Institution of Engineers of KenyaStudent fair

Students from various universities within

the country presented their papers to IEK on

28th April 2014, among them was Mr. George

Ouma, a fourth year student from University

of Nairobi in the Department of Electrical and

Information Engineering. Mr. George Ouma who

was number one was given a tablet. The top

3 George Ouma, Sally Musonye(UoN), Robert

Giteya (Moi University) were given opportunity

to present during the 21st annual International

Engineers' conference which was held at

Leisure Lodge Resort, Kwale County that started

on May 7 th - 9th 2014.George was declared

the winner of the first ever IEK Engineering

students competition as a result of his Auto-

Run Cellphone innovation which was the most

outstanding innovation designed by a student.

The Auto-Run Cellphone is an innovation that

enables your cellphone to charge itself as you

make phone calls, texting and browsing. The

device uses radiation emitted by the phone,

which it converts into electrical energy and

regulated based on the phone's specifications.

The more you use your phone, the more energy

your battery gets hence it becomes an auto-run

phone. The presentation was graded based on

technical content,

overall presentation and oral and visual

performance. Being that George's presentation

was the best, he was chosen to attend the

World Engineers Summit to be held in Abuja

Nigeria to represent the country in Student

engineering International presentations

from 2-7 November fully sponsored by IEK.

He is going to be handed the sponsorship

at IEK office at Transcom house by the new

IEK chairman Engineer Reuben Kosgei.

The same project has also been demonstrated

to H.E the President Uhuru Kenyatta during

the launch of Uwezo Fund. George has also

designed a project based Home Security System

that has been presented and approved by many

dignitaries who saw it during its presentation

including the head of state honorable Uhuru

Kenyatta and cabinet secretaries Joseph

Kaimenyi,Ann Waiguru,Najib Balala during the

launch of Uwezo Fund for Youths and Women

that was held on 8th September 2013.

The same project was presented during the

youth Enterprise trade fair at KICC on 25th to

27th November 2013 organised by the chairman

Evans Gor Semelango and also on 15th annual

IEEE Kenya Engineering competition held on

7th to 8th November at Oshwal Centre where

IEEE President Roberto approved it. George

has also managed to meet Kenya's youngest

billionaire Mr. Heshan Da Silva of Desilva group

at Westlands and demonstrate his auto-run

cellphone to him. currently George is working

on several projects based on innovation to be

released next year when finalizing his studies

in university.

George also has registered a company called

Amuo technologies which will deal with

production of the innovative projects and

own them including handling the Intellectual

properties of the innovations.
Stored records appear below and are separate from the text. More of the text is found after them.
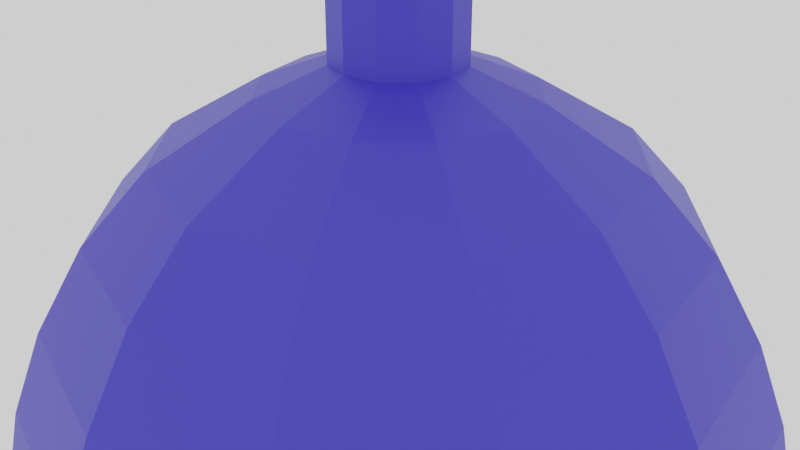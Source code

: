 # Source: BigPotion_Mana.blend  (saved by Blender 2.90.8; exported with 4.5.12 LTS)
import bpy
from mathutils import Matrix  # noqa: F401  (used for matrix-valued properties, if any)

bpy.ops.wm.read_factory_settings(use_empty=True)
scene = bpy.context.scene
scene.name = 'Scene'

# ---- collections
col_collection = bpy.data.collections.new('Collection'); scene.collection.children.link(col_collection)

# ---- materials (node trees are filled in below, after node groups)
mat_stopper03_001 = bpy.data.materials.new('Stopper03.001')
mat_stopper03_001.use_transparent_shadow = False
mat_manabig = bpy.data.materials.new('ManaBig')
mat_manabig.use_transparent_shadow = False

# ---- material node trees
mat_stopper03_001.use_nodes = True; mat_stopper03_001.node_tree.nodes.clear()
_N = mat_stopper03_001.node_tree.nodes; _L = mat_stopper03_001.node_tree.links
n0 = _N.new('ShaderNodeBsdfPrincipled'); n0.name = 'Principled BSDF'; n0.location = (10, 300)
n0.distribution = 'GGX'
n0.subsurface_method = 'BURLEY'
n0.inputs[0].default_value = (0.4678, 0.3325, 0.08866, 1.0)
n0.inputs[3].default_value = 1.45
n0.inputs[27].default_value = (0.0, 0.0, 0.0, 1.0)
n0.inputs[28].default_value = 1.0
n1 = _N.new('ShaderNodeOutputMaterial'); n1.name = 'Material Output'; n1.location = (300, 300)
_L.new(n0.outputs[0], n1.inputs[0])
n1.is_active_output = True
mat_manabig.use_nodes = True; mat_manabig.node_tree.nodes.clear()
_N = mat_manabig.node_tree.nodes; _L = mat_manabig.node_tree.links
n0 = _N.new('ShaderNodeBsdfPrincipled'); n0.name = 'Principled BSDF'; n0.location = (10, 300)
n0.distribution = 'GGX'
n0.subsurface_method = 'BURLEY'
n0.inputs[0].default_value = (0.0382, 0.02732, 0.5149, 1.0)
n0.inputs[3].default_value = 1.45
n0.inputs[27].default_value = (0.0, 0.0, 0.0, 1.0)
n0.inputs[28].default_value = 1.0
n1 = _N.new('ShaderNodeOutputMaterial'); n1.name = 'Material Output'; n1.location = (300, 300)
_L.new(n0.outputs[0], n1.inputs[0])
n1.is_active_output = True

# ---- world
world_world = bpy.data.worlds.new('World'); scene.world = world_world
world_world.use_nodes = True; world_world.node_tree.nodes.clear()
_N = world_world.node_tree.nodes; _L = world_world.node_tree.links
n0 = _N.new('ShaderNodeOutputWorld'); n0.name = 'World Output'; n0.location = (300, 300)
n1 = _N.new('ShaderNodeBackground'); n1.name = 'Background'; n1.location = (10, 300)
n1.inputs[0].default_value = (1.0, 1.0, 1.0, 1.0)
_L.new(n1.outputs[0], n0.inputs[0])
n0.is_active_output = True
world_world.color = (0.05088, 0.05088, 0.05088)
world_world.use_sun_shadow = False
world_world.sun_shadow_jitter_overblur = 0.0

# ---- cameras
cam_camera = bpy.data.cameras.new('Camera')
cam_camera.clip_end = 100.0
cam_camera.ortho_scale = 7.314

# ---- meshes
me_circle_011 = bpy.data.meshes.new('Circle.011')
me_circle_011.from_pydata([(-0.1885, 0.3266, 3.564), (-2.407e-07, 0.3771, 3.564), (-0.3266, 0.1885, 3.564), (-0.3771, 1.857e-07, 3.564), (-0.3266, -0.1885, 3.564), (-0.1885, -0.3266, 3.564), (-1.1e-07, -0.3771, 3.564), (0.1885, -0.3266, 3.564), (0.3266, -0.1885, 3.564), (0.3771, 5.05e-08, 3.564), (0.3266, 0.1885, 3.564), (0.1885, 0.3266, 3.564), (-0.1885, 0.3266, 3.989), (-2.407e-07, 0.3771, 3.989), (-0.3266, 0.1885, 3.989), (-0.3771, 1.857e-07, 3.989), (-0.3266, -0.1885, 3.989), (-0.1885, -0.3266, 3.989), (-1.1e-07, -0.3771, 3.989), (0.1885, -0.3266, 3.989), (0.3266, -0.1885, 3.989), (0.3771, 5.05e-08, 3.989), (0.3266, 0.1885, 3.989), (0.1885, 0.3266, 3.989), (5.944e-08, 1.0, -4.225), (-0.5, 0.866, -4.225), (-0.866, 0.5, -4.225), (-1.0, 3.195e-08, -4.225), (-0.866, -0.5, -4.225), (-0.5, -0.866, -4.225), (-9.156e-08, -1.0, -4.225), (0.5, -0.866, -4.225), (0.866, -0.5, -4.225), (1.0, -3.892e-07, -4.225), (0.866, 0.5, -4.225), (0.5, 0.866, -4.225), (-1.489, 2.58, -1.879), (-7.73e-08, 2.979, -1.879), (-2.58, 1.489, -1.879), (-2.979, 2.68e-07, -1.879), (-2.58, -1.489, -1.879), (-1.489, -2.58, -1.879), (-5.271e-07, -2.979, -1.879), (1.489, -2.58, -1.879), (2.58, -1.489, -1.879), (2.979, -9.866e-07, -1.879), (2.58, 1.489, -1.879), (1.489, 2.58, -1.879), (1.185, -2.052, -3.217), (-3.821e-07, -2.37, -3.217), (-2.052, -1.185, -3.217), (-2.37, 2.039e-07, -3.217), (1.185, 2.052, -3.217), (2.052, 1.185, -3.217), (-1.185, 2.052, -3.217), (-2.426e-08, 2.37, -3.217), (2.052, -1.185, -3.217), (-1.185, -2.052, -3.217), (-2.052, 1.185, -3.217), (2.37, -7.944e-07, -3.217), (-1.299, 2.25, -0.6005), (-6.459e-08, 2.598, -0.6005), (-2.25, 1.299, -0.6005), (-2.598, 2.208e-07, -0.6005), (-2.25, -1.299, -0.6005), (-1.299, -2.25, -0.6005), (-4.568e-07, -2.598, -0.6005), (1.299, -2.25, -0.6005), (2.25, -1.299, -0.6005), (2.598, -8.733e-07, -0.6005), (2.25, 1.299, -0.6005), (1.299, 2.25, -0.6005), (-0.2479, 0.4293, 1.197), (-2.096e-07, 0.4958, 1.197), (-0.4293, 0.2479, 1.197), (-0.4958, 1.747e-07, 1.197), (-0.4293, -0.2479, 1.197), (-0.2479, -0.4293, 1.197), (-1.209e-07, -0.4958, 1.197), (0.2479, -0.4293, 1.197), (0.4293, -0.2479, 1.197), (0.4958, -2.091e-08, 1.197), (0.4293, 0.2479, 1.197), (0.2479, 0.4293, 1.197), (-1.421, -2.461, -1.24), (-2.461, -1.421, -1.24), (-7.344e-08, 2.842, -1.24), (1.421, 2.461, -1.24), (-2.461, 1.421, -1.24), (-1.421, 2.461, -1.24), (2.842, -9.471e-07, -1.24), (2.461, -1.421, -1.24), (-5.025e-07, -2.842, -1.24), (-2.842, 2.498e-07, -1.24), (2.461, 1.421, -1.24), (1.421, -2.461, -1.24), (1.938, -1.119, 0.02354), (1.119, -1.938, 0.02354), (-1.119, -1.938, 0.02354), (-1.938, -1.119, 0.02354), (-5.526e-08, 2.237, 0.02354), (1.119, 1.938, 0.02354), (-1.938, 1.119, 0.02354), (-1.119, 1.938, 0.02354), (2.237, -7.598e-07, 0.02354), (-3.931e-07, -2.237, 0.02354), (-2.237, 1.826e-07, 0.02354), (1.938, 1.119, 0.02354), (1.391, -2.409, -2.548), (-2.409, -1.391, -2.548), (1.391, 2.409, -2.548), (-1.391, 2.409, -2.548), (2.409, -1.391, -2.548), (-1.391, -2.409, -2.548), (-2.409, 1.391, -2.548), (2.782, -9.232e-07, -2.548), (-4.744e-07, -2.782, -2.548), (-2.782, 2.487e-07, -2.548), (2.409, 1.391, -2.548), (-5.428e-08, 2.782, -2.548), (-2.541e-07, -1.777, -3.721), (-1.777, 1.302e-07, -3.721), (1.539, 0.8883, -3.721), (1.413e-08, 1.777, -3.721), (0.8883, -1.539, -3.721), (-1.539, -0.8883, -3.721), (0.8883, 1.539, -3.721), (-0.8883, 1.539, -3.721), (1.539, -0.8883, -3.721), (-0.8883, -1.539, -3.721), (-1.539, 0.8883, -3.721), (1.777, -6.181e-07, -3.721), (-0.8815, 1.527, 0.541), (-4.297e-08, 1.763, 0.541), (-1.527, 0.8815, 0.541), (-1.763, 1.331e-07, 0.541), (-1.527, -0.8815, 0.541), (-0.8815, -1.527, 0.541), (-3.092e-07, -1.763, 0.541), (0.8815, -1.527, 0.541), (1.527, -0.8815, 0.541), (1.763, -6.095e-07, 0.541), (1.527, 0.8815, 0.541), (0.8815, 1.527, 0.541), (-0.5076, 0.8792, 0.99), (-1.214e-07, 1.015, 0.99), (-0.8792, 0.5076, 0.99), (-1.015, 1.266e-07, 0.99), (-0.8792, -0.5076, 0.99), (-0.5076, -0.8792, 0.99), (-2.091e-07, -1.015, 0.99), (0.5076, -0.8792, 0.99), (0.8792, -0.5076, 0.99), (1.015, -3.094e-07, 0.99), (0.8792, 0.5076, 0.99), (0.5076, 0.8792, 0.99), (-0.1885, 0.3266, 3.564), (-2.407e-07, 0.3771, 3.564), (-0.3266, 0.1885, 3.564), (-0.3771, 1.857e-07, 3.564), (-0.3266, -0.1885, 3.564), (-0.1885, -0.3266, 3.564), (-1.1e-07, -0.3771, 3.564), (0.1885, -0.3266, 3.564), (0.3266, -0.1885, 3.564), (0.3771, 5.05e-08, 3.564), (0.3266, 0.1885, 3.564), (0.1885, 0.3266, 3.564), (-0.2479, 0.4293, 3.564), (-2.096e-07, 0.4958, 3.564), (-0.4293, 0.2479, 3.564), (-0.4958, 1.747e-07, 3.564), (-0.4293, -0.2479, 3.564), (-0.2479, -0.4293, 3.564), (-1.209e-07, -0.4958, 3.564), (0.2479, -0.4293, 3.564), (0.4293, -0.2479, 3.564), (0.4958, -2.091e-08, 3.564), (0.4293, 0.2479, 3.564), (0.2479, 0.4293, 3.564)], [], [(0, 1, 11, 10, 9, 8, 7, 6, 5, 4, 3, 2), (12, 14, 15, 16, 17, 18, 19, 20, 21, 22, 23, 13), (4, 5, 17, 16), (11, 1, 13, 23), (0, 2, 14, 12), (8, 9, 21, 20), (5, 6, 18, 17), (2, 3, 15, 14), (9, 10, 22, 21), (6, 7, 19, 18), (3, 4, 16, 15), (10, 11, 23, 22), (1, 0, 12, 13), (7, 8, 20, 19), (25, 24, 35, 34, 33, 32, 31, 30, 29, 28, 27, 26), (85, 84, 65, 64), (116, 108, 43, 42), (117, 109, 40, 39), (118, 110, 47, 46), (119, 111, 36, 37), (108, 112, 44, 43), (109, 113, 41, 40), (110, 119, 37, 47), (111, 114, 38, 36), (112, 115, 45, 44), (113, 116, 42, 41), (114, 117, 39, 38), (115, 118, 46, 45), (131, 122, 53, 59), (130, 121, 51, 58), (129, 120, 49, 57), (128, 131, 59, 56), (127, 130, 58, 54), (126, 123, 55, 52), (125, 129, 57, 50), (124, 128, 56, 48), (123, 127, 54, 55), (122, 126, 52, 53), (121, 125, 50, 51), (120, 124, 48, 49), (97, 96, 140, 139), (87, 86, 61, 71), (89, 88, 62, 60), (91, 90, 69, 68), (84, 92, 66, 65), (88, 93, 63, 62), (90, 94, 70, 69), (92, 95, 67, 66), (93, 85, 64, 63), (94, 87, 71, 70), (86, 89, 60, 61), (95, 91, 68, 67), (79, 80, 176, 175), (99, 98, 137, 136), (101, 100, 133, 143), (103, 102, 134, 132), (96, 104, 141, 140), (98, 105, 138, 137), (102, 106, 135, 134), (104, 107, 142, 141), (105, 97, 139, 138), (106, 99, 136, 135), (107, 101, 143, 142), (100, 103, 132, 133), (43, 44, 91, 95), (37, 36, 89, 86), (46, 47, 87, 94), (39, 40, 85, 93), (42, 43, 95, 92), (45, 46, 94, 90), (38, 39, 93, 88), (41, 42, 92, 84), (44, 45, 90, 91), (36, 38, 88, 89), (47, 37, 86, 87), (40, 41, 84, 85), (61, 60, 103, 100), (70, 71, 101, 107), (63, 64, 99, 106), (66, 67, 97, 105), (69, 70, 107, 104), (62, 63, 106, 102), (65, 66, 105, 98), (68, 69, 104, 96), (60, 62, 102, 103), (71, 61, 100, 101), (64, 65, 98, 99), (67, 68, 96, 97), (59, 53, 118, 115), (58, 51, 117, 114), (57, 49, 116, 113), (56, 59, 115, 112), (54, 58, 114, 111), (52, 55, 119, 110), (50, 57, 113, 109), (48, 56, 112, 108), (55, 54, 111, 119), (53, 52, 110, 118), (51, 50, 109, 117), (49, 48, 108, 116), (30, 31, 124, 120), (27, 28, 125, 121), (34, 35, 126, 122), (24, 25, 127, 123), (31, 32, 128, 124), (28, 29, 129, 125), (35, 24, 123, 126), (25, 26, 130, 127), (32, 33, 131, 128), (29, 30, 120, 129), (26, 27, 121, 130), (33, 34, 122, 131), (144, 145, 133, 132), (146, 144, 132, 134), (147, 146, 134, 135), (148, 147, 135, 136), (149, 148, 136, 137), (150, 149, 137, 138), (151, 150, 138, 139), (152, 151, 139, 140), (153, 152, 140, 141), (154, 153, 141, 142), (155, 154, 142, 143), (145, 155, 143, 133), (72, 73, 145, 144), (74, 72, 144, 146), (75, 74, 146, 147), (76, 75, 147, 148), (77, 76, 148, 149), (78, 77, 149, 150), (79, 78, 150, 151), (80, 79, 151, 152), (81, 80, 152, 153), (82, 81, 153, 154), (83, 82, 154, 155), (73, 83, 155, 145), (156, 158, 159, 160, 161, 162, 163, 164, 165, 166, 167, 157), (76, 77, 173, 172), (83, 73, 169, 179), (72, 74, 170, 168), (80, 81, 177, 176), (77, 78, 174, 173), (74, 75, 171, 170), (81, 82, 178, 177), (78, 79, 175, 174), (75, 76, 172, 171), (82, 83, 179, 178), (73, 72, 168, 169), (156, 157, 169, 168), (158, 156, 168, 170), (159, 158, 170, 171), (160, 159, 171, 172), (161, 160, 172, 173), (162, 161, 173, 174), (163, 162, 174, 175), (164, 163, 175, 176), (165, 164, 176, 177), (166, 165, 177, 178), (167, 166, 178, 179), (157, 167, 179, 169)])
me_circle_011.polygons.foreach_set('material_index', [0, 0, 0, 0, 0, 0, 0, 0, 0, 0, 0, 0, 0, 0, 1, 1, 1, 1, 1, 1, 1, 1, 1, 1, 1, 1, 1, 1, 1, 1, 1, 1, 1, 1, 1, 1, 1, 1, 1, 1, 1, 1, 1, 1, 1, 1, 1, 1, 1, 1, 1, 1, 1, 1, 1, 1, 1, 1, 1, 1, 1, 1, 1, 1, 1, 1, 1, 1, 1, 1, 1, 1, 1, 1, 1, 1, 1, 1, 1, 1, 1, 1, 1, 1, 1, 1, 1, 1, 1, 1, 1, 1, 1, 1, 1, 1, 1, 1, 1, 1, 1, 1, 1, 1, 1, 1, 1, 1, 1, 1, 1, 1, 1, 1, 1, 1, 1, 1, 1, 1, 1, 1, 1, 1, 1, 1, 1, 1, 1, 1, 1, 1, 1, 1, 1, 1, 1, 1, 1, 1, 1, 1, 1, 1, 1, 1, 1, 1, 1, 1, 1, 1, 1, 1, 1, 1, 1, 1, 1, 1])
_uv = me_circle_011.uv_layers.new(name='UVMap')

George has

been invited in several institutions to talk

with people or students and encourage them

top institutions include Technical university,

Kenyatta university, Chandaria innovation and

business Centre, JKUAT, National commission for

science innovation and technology NCST,mobile

planet sponsored by Google,Huawei Kenya,

Kenya Nuclear Board by engineer Collins Juma

and recently he was in Nakuru visiting various

children homes including his sponsors Street

children assistance network of Nakuru SCANN

chaired by Shamsher Gilanis which is sponsored

by cedar foundations and rotary club. Also he

went to Eldoret he managed to visit testimony

faith homes started and managed by John

Green and SOS children's home in Eldoret.